*** Extracted entries Section Begins ***
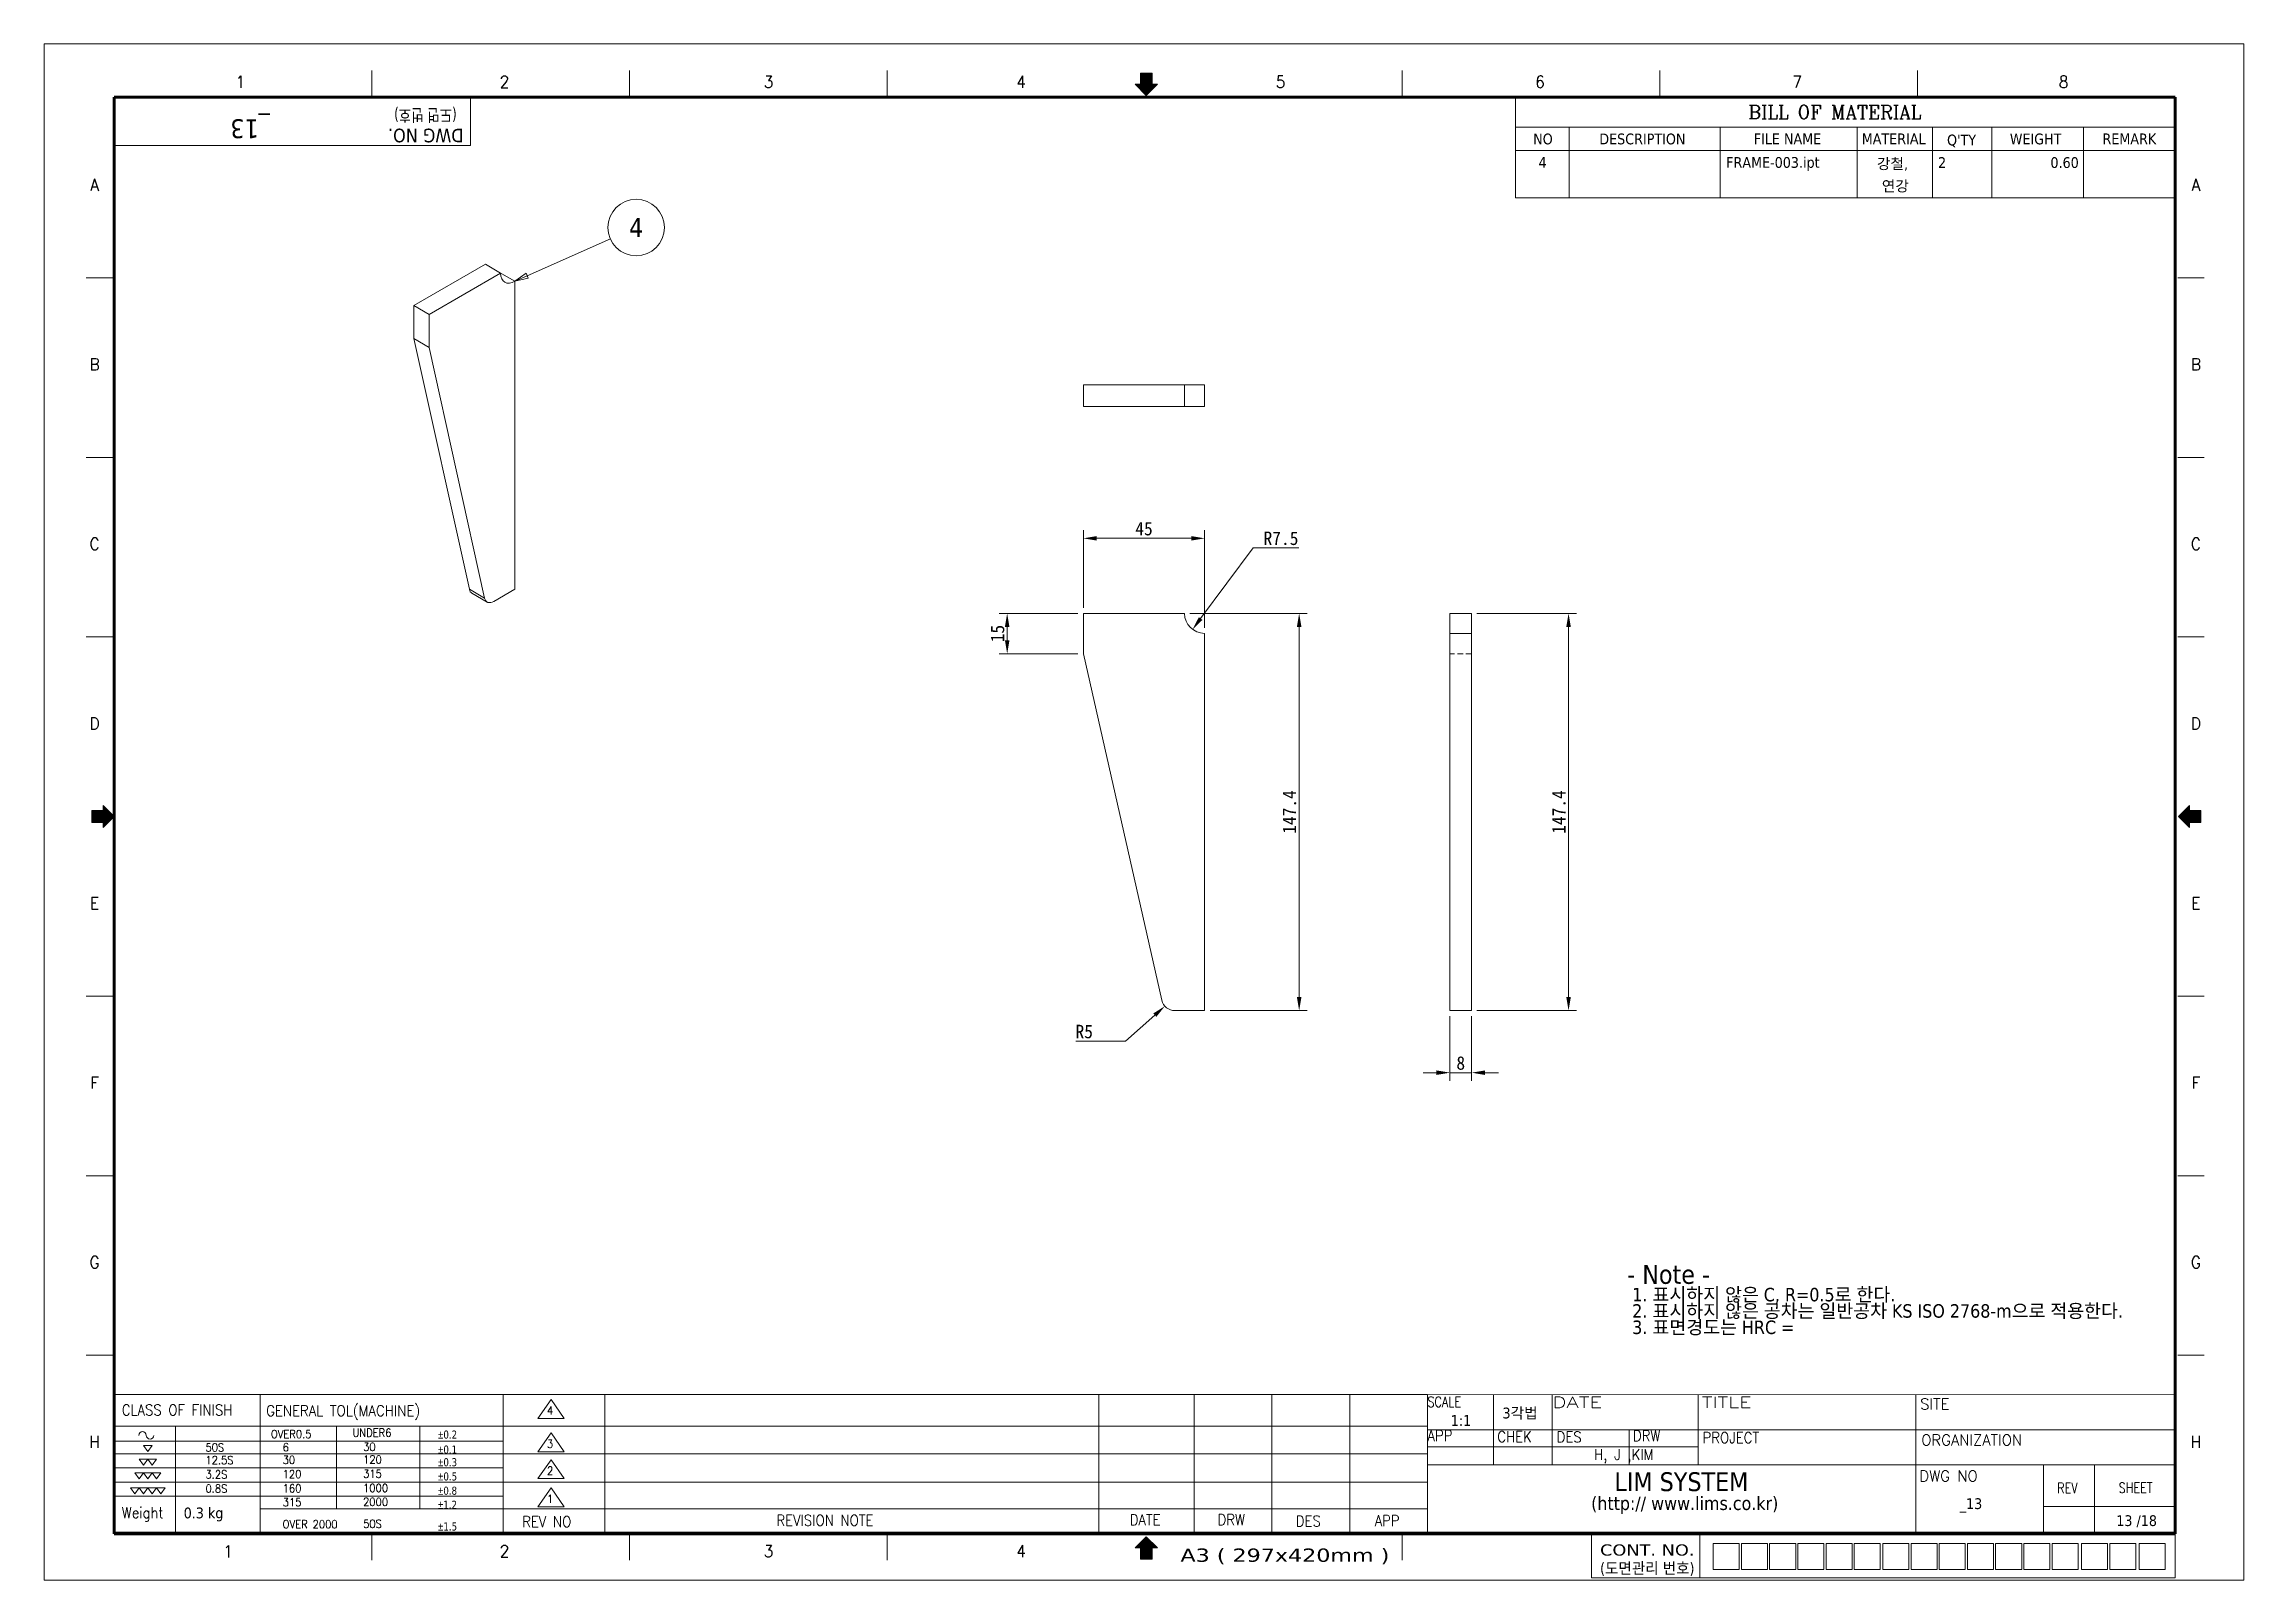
# Model space of a CAD drawing. Header units: millimetres. Extents: x 12 to 828, y 12 to 582.
import ezdxf
from ezdxf.enums import TextEntityAlignment as Align

# ---------------------------------------------------------------- set-up
doc = ezdxf.new("R2010")
doc.units = ezdxf.units.MM
doc.header["$LTSCALE"] = 2
doc.linetypes.add('HIDDEN', pattern=[9.525, 6.35, -3.175])
doc.layers.get('0').update_dxf_attribs({"lineweight": 18})
for name, color, linetype, lineweight in [('SkizziergeometrieWIN-ISO', 7, 'Continuous', 50), ('가는실선_A4', 7, 'Continuous', 5), ('경계(ISO)', 7, 'Continuous', 70), ('굵은실선_A3', 7, 'Continuous', 18), ('제목(ISO)', 7, 'Continuous', 50)]:
    doc.layers.add(name, color=color, linetype=linetype, lineweight=lineweight)
for name, color, linetype, lineweight, true_color in [('가는실선_A3', 9, 'Continuous', 5, 0x808080), ('가는파선_A3', 7, 'HIDDEN', 13, 0x008000), ('해치선_A3', 1, 'Continuous', 5, 0xff0000)]:
    doc.layers.add(name, color=color, linetype=linetype, lineweight=lineweight, true_color=true_color)
doc.styles.add('_ __ (ISO)', font='tahoma.ttf')
doc.styles.add('A3_DS_PartList', font='RomanC.shx')
doc.styles.add('A3_DS_TB02', font='tahoma.ttf')
doc.styles.add('ROMANC_37', font='tahoma.ttf')
doc.styles.add('ROMANC_61', font='ROMANC.shx')
doc.styles.add('주 텍스트 (ISO)', font='tahoma.ttf')
doc.styles.add('주문자_A3(3.5)', font='tahoma.ttf')
doc.styles.add('치수문자_A3(2.5)', font='')
doc.styles.add('텍스트 스타일12', font='tahoma.ttf')
doc.styles.add('텍스트 스타일171', font='ROMANC.shx', dxfattribs={"width": 0.9})
doc.styles.add('텍스트 스타일206', font='ROMANC.shx', dxfattribs={"width": 1.11072})
doc.styles.add('텍스트 스타일208', font='ROMANC.shx', dxfattribs={"width": 1.194322})
doc.styles.add('텍스트 스타일211', font='ROMANC.shx', dxfattribs={"width": 0.9})
doc.styles.add('텍스트 스타일213', font='RomanC.shx', dxfattribs={"width": 0.9})
doc.styles.add('텍스트 스타일233', font='RomanC.shx')
doc.styles.add('텍스트 스타일36', font='ROMANC.shx', dxfattribs={"width": 0.941937})
doc.styles.add('텍스트 스타일42', font='tahoma.ttf', dxfattribs={"width": 1.378837})
doc.styles.add('텍스트 스타일46', font='tahoma.ttf', dxfattribs={"width": 0.862937})
doc.styles.add('텍스트 스타일48', font='tahoma.ttf', dxfattribs={"width": 1.258573})
doc.styles.add('텍스트 스타일52', font='tahoma.ttf', dxfattribs={"width": 0.8})
doc.styles.add('텍스트 스타일65', font='romans.shx', dxfattribs={"width": 0.8})
doc.styles.get('치수문자_A3(2.5)').set_extended_font_data('GulimChe')
doc.dimstyles.new('치수_A3(2.5)', dxfattribs={"dimscale": 2, "dimtxt": 2.5, "dimasz": 2.5, "dimexe": 1.5, "dimexo": 1, "dimgap": 0.5, "dimtad": 1, "dimtoh": 1, "dimdec": 1, "dimrnd": 1e-08, "dimdsep": 46, "dimtxsty": '치수문자_A3(2.5)', "dimcen": 0.09, "dimdle": 10, "dimclrd": 8, "dimclre": 8, "dimclrt": 7, "dimadec": 1, "dimazin": 2, "dimtfac": 0.8, "dimtmove": 0, "dimatfit": 3, "dimfxl": 1, "dimtolj": 1, "dimtzin": 0, "dimlwd": -1, "dimlwe": -1, "dimarcsym": 0})

# ---------------------------------------------------------------- blocks, each defined once
blk = doc.blocks.new('경계 A3_경계')
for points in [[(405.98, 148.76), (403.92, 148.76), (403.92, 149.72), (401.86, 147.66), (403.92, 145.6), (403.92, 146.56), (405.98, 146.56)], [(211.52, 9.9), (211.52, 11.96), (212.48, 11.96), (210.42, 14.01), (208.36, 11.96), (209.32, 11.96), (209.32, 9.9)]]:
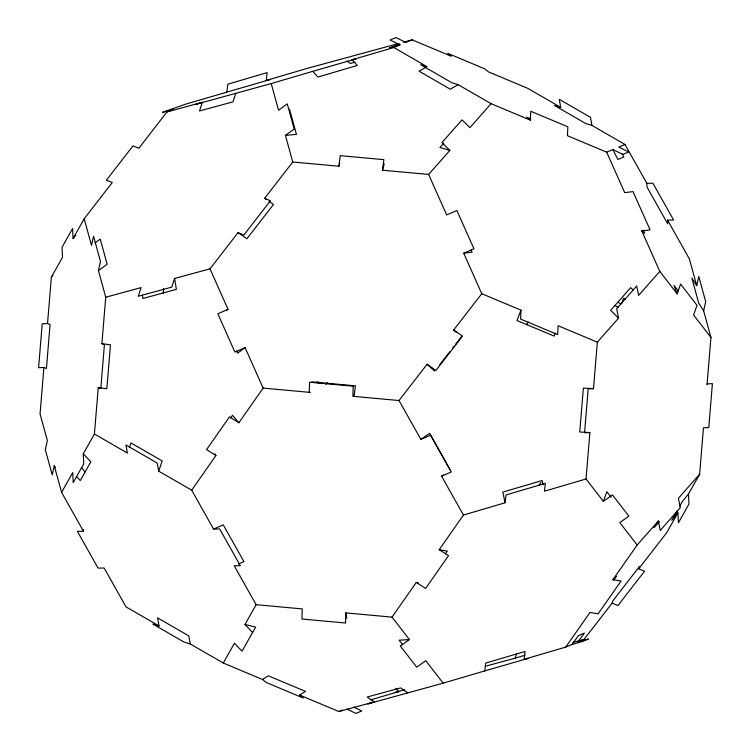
<?xml version="1.0" encoding="UTF-8"?>
<svg xmlns="http://www.w3.org/2000/svg" width="751" height="751" viewBox="0 0 751 751"><rect width="100%" height="100%" fill="white"/><g stroke="black" fill="none" stroke-linecap="round" stroke-linejoin="round"><path stroke-width="1.13" d="M309.252 392.322L309.581 382.203L353.205 386.192L352.886 396.312L399.006 400.527L420.879 439.401L430.567 435.214L451.257 471.975L441.579 476.162L463.451 515.036L439.204 549.694L448.554 555.618L425.62 588.399L416.261 582.466L392.013 617.125L345.892 612.9L345.563 623.02L301.94 619.031L302.259 608.911L256.138 604.696L234.256 565.822L240.339 565.719L219.649 528.957L213.566 529.061L191.693 490.187L158.668 471.121L157.194 463.048L125.961 445.014L127.435 453.088L94.41 434.022L98.259 387.591L106.83 388.765L110.463 344.85L101.892 343.667L105.731 297.227L98.419 270.595L100.484 261.479L93.575 236.293L91.509 245.408L84.206 218.776L112.293 182.512L106.426 180.174L132.993 145.872L138.869 148.21L166.957 111.946L173.171 109.346L162.573 112.35L185.262 104.267L270.247 79.484L266.23 80.451L267.178 72.603L227.825 84.178L226.877 92.035M238.011 232.679L243.887 235.016L270.463 200.724L264.587 198.377L292.749 162.019L338.879 166.234L340.259 155.673L383.883 159.663L382.503 170.224L428.633 174.439L446.667 214.927L456.88 210.515L473.937 248.806L463.724 253.218L481.757 293.697L520.997 310.154L520.556 319.034L557.674 334.599L558.106 325.727L597.345 342.184L618.542 318.161L616.684 308.689L636.735 285.962L638.594 295.434L659.8 271.411L641.767 230.933L650.084 229.89L633.018 191.599L624.71 192.641L606.667 152.162L567.437 135.696L567.869 126.825L530.76 111.261L530.319 120.132L491.088 103.676L458.185 84.675L451.933 82.77L420.701 64.736L426.953 66.642L393.806 47.51L352.2 59.751L357.251 65.478L317.889 77.053L312.838 71.326L271.233 83.568L195.776 104.361L202.357 102.314L199.494 110.97L232.97 101.854L235.833 93.199M43.896 367.483L46.44 368.422L50.073 324.498L47.529 323.559L42.225 323.784L38.592 367.708L43.896 367.483L40.056 413.923L47.36 440.555L45.304 449.661L52.213 474.857L54.269 465.742L55.499 467.657M47.529 323.559L51.368 277.128L62.521 257.321L62.042 247.267L72.584 228.529L73.063 238.583L75.804 235.232M163.239 293.275L163.624 288.637M407.765 692.779L400.668 687.907L367.192 697.022L374.28 701.894L367.699 703.94L443.156 683.147L484.77 670.906L485.719 663.058L525.071 651.474L524.123 659.331L565.738 647.09L589.986 612.431L598.096 613.83L621.039 581.058L612.919 579.659L637.167 545.001L619.81 522.593L628.869 516.134L612.45 494.937L603.391 501.386L586.033 478.978L589.873 432.538L579.744 432.013L583.377 388.089L593.506 388.624L597.345 342.184M679.533 506.521L682.302 501.593L688.479 494.036L699.632 474.238L703.471 427.798L708.775 427.572L712.408 383.658L707.104 383.874M707.029 384.747L710.944 337.434L703.64 310.811L698.721 303.132L691.812 277.945L696.731 285.624L698.787 276.509L705.696 301.695L703.64 310.811M463.451 515.036L505.057 502.795L506.005 494.947L545.367 483.362L544.419 491.22L586.033 478.978M354.04 396.415L355.42 385.854L311.796 381.865M338.879 166.234L339.743 163.061M382.503 170.224L384.24 163.878M612.131 603.147L612.75 600.988L639.317 566.686L638.707 568.845L644.574 571.182L618.007 605.484L612.131 603.147L584.043 639.411L577.829 642.011L584.381 633.131L578.505 635.599L571.952 644.48L565.738 647.09M269.074 201.362L273.486 204.432L246.919 238.734L238.086 232.585L209.998 268.849L174.607 278.48L171.744 287.135L138.268 296.251L141.122 287.595L105.731 297.227M485.306 666.287L515.167 658.158L516.594 653.83M129.547 446.995L130.956 442.93L162.188 460.964L158.668 471.121M621.8 303.348L623.565 298.269L625.564 299.424M603.391 501.386L606.836 491.698L611.117 497.228M659.8 271.411L677.158 293.829L680.603 284.131L697.031 305.328L693.586 315.026L710.944 337.434M520.997 310.154L516.998 320.517L554.107 336.082L555.308 332.975M73.063 238.583L84.206 218.776M262.54 679.505L268.37 675.816L305.479 691.38L299.649 695.069L303.338 698.054L266.23 682.481L262.54 679.505L223.3 663.039L190.275 643.973L188.801 635.9L157.569 617.866L159.043 625.94L126.018 606.883L104.145 568.009L98.071 568.113L77.381 531.342L83.455 531.239L61.582 492.365L72.725 472.567L73.204 482.621L83.746 463.883L83.267 453.829L94.41 434.022M223.3 663.039L234.443 643.231L242 651.211L255.687 627.094L244.986 624.503L256.138 604.696M677.308 510.464L671.76 520.33L677.937 512.773L678.416 522.827L688.958 504.09L688.479 494.036M677.937 512.773L666.794 532.581L638.707 568.845M699.632 474.238L678.425 498.26L680.284 507.732L660.232 530.45L658.374 520.978L653.943 527.803L659.34 521.682M230.519 418.1L232.481 415.294L238.874 422.757L263.132 388.098L245.089 347.619L234.885 352.031L217.828 313.74L228.032 309.328L209.998 268.849M191.693 490.187L215.941 455.528L214.523 453.876M526.385 324.826L528.347 322.019M445.352 553.9L447.314 551.093L439.204 549.694M613.736 580.063L616.355 576.317L612.919 579.659M326.009 384.381L327.417 382.559M399.006 400.527L427.094 364.263L435.927 370.412L462.494 336.11L453.67 329.961L481.757 293.697M439.786 364.704L449.83 351.731M452.703 348.023L454.139 346.164M455.575 344.315L461.321 336.899M538.889 485.23L541.002 482.508M51.368 277.128L52.889 275.41M443.766 143.131L439.917 147.506L449.83 150.416L428.633 174.439M491.088 103.676L469.882 127.698L462.006 119.86L441.954 142.587L449.83 150.416M637.167 545.001L658.374 520.978M226.164 310.717L228.032 309.328M245.089 347.619L237.616 353.167L236.668 351.046M95.011 242.883L100.249 239.09L107.158 264.286L98.419 270.595M292.749 162.019L285.446 135.387L294.176 129.069L287.267 103.882L278.537 110.2L271.233 83.568M392.013 617.125L409.379 639.533L400.311 645.982L416.73 667.188L425.798 660.73L443.156 683.147M420.879 439.401L429.619 433.318L450.309 470.088M441.579 476.162L443.325 474.951M425.967 67.214L419.086 71.185L450.318 89.219L458.185 84.675M213.566 529.061L223.254 524.874L243.944 561.635L238.565 563.963M393.806 47.51L400.02 44.9L390.079 40.019L395.955 37.55L405.897 42.441L412.111 39.831L451.351 56.287L447.662 53.312L484.77 68.876L488.46 71.861L527.7 88.318L560.725 107.384L559.242 99.31L590.483 117.344L591.957 125.417L624.982 144.483L646.855 183.347L646.986 187.018L667.686 223.779L667.545 220.118L673.619 220.015L652.929 183.253L646.855 183.347M606.667 152.162L612.882 149.552L622.832 154.443L628.709 151.974L618.768 147.083L624.982 144.483M299.649 695.069L338.889 711.526L342.503 710.014M515.167 658.158L525.099 655.201M266.23 80.451L307.844 68.21L398.837 43.445M404.629 689.681L394.791 692.572L398.8 691.605L395.918 688.338M370.684 699.876L398.8 691.605M399.541 44.243L389.422 47.914L400.02 44.9M577.829 642.011L588.427 639.007L582.541 641.467L571.952 644.48M403.268 42.244L412.111 39.831M166.957 111.946L202.357 102.314M354.791 62.23L350.332 63.45L346.784 61.009M572.985 642.424L584.043 639.411M338.889 711.526L374.28 701.894M352.2 59.751L356.209 58.785L312.838 71.326M524.123 659.331L528.141 658.364L484.77 670.906M463.724 253.218L472.041 252.176L471.093 250.045M285.446 135.387L296.438 134.382L289.529 109.195M409.379 639.533L399.166 640.209L402.733 644.818M593.506 388.624L588.193 388.84L584.56 432.764L589.873 432.538M263.132 388.098L310.407 392.426M416.261 582.466L418.298 582.814M560.725 107.384L554.463 105.478L585.705 123.511L591.957 125.417M159.043 625.94L152.791 624.034L184.023 642.067L190.275 643.973M101.892 343.667L104.427 344.606L100.794 388.53L98.259 387.591M530.873 118.93L526.629 117.147L530.319 120.132M353.824 707.076L361.775 710.981L355.899 713.45L346.953 709.047M617.989 302.268L621.011 304.014M615.003 305.526L618.026 307.262M238.874 422.757L229.524 416.824L206.581 449.605L215.941 455.528M264.662 198.283L266.427 199.513M316.838 382.175L318.602 383.404M641.767 230.933L644.715 233.411L643.297 230.219M453.67 329.961L456.223 332.271M427.094 364.263L434.754 371.191M317.945 381.705L319.644 383.245M633.084 289.952L630.718 287.605L610.666 310.323L618.542 318.161M83.267 453.829L90.824 461.799L80.282 480.537L76.499 476.547M244.986 624.503L252.543 632.473M678.266 290.947L673.985 285.418L677.158 293.829M81.474 467.394L84.947 471.881M667.545 220.118L689.418 258.992L696.731 285.624M622.26 154.049L623.762 157.025L617.885 159.494L612.882 149.552M54.269 465.742L61.582 492.365M543.067 484.808L542.156 480.527L502.804 492.112L505.057 502.795M174.607 278.48L176.382 289.37L142.906 298.485L142.371 295.218M345.892 612.9L346.671 618.195M83.389 529.408L83.455 531.239"/></g></svg>
*** Extracted entries Section Ends ***
**Aim of the task:** Every line in the data that holds the string "ezdxf" should be copied.

**Answer to this task:**
import ezdxf
from ezdxf.enums import TextEntityAlignment as Align
doc = ezdxf.new("R2010")
doc.units = ezdxf.units.MM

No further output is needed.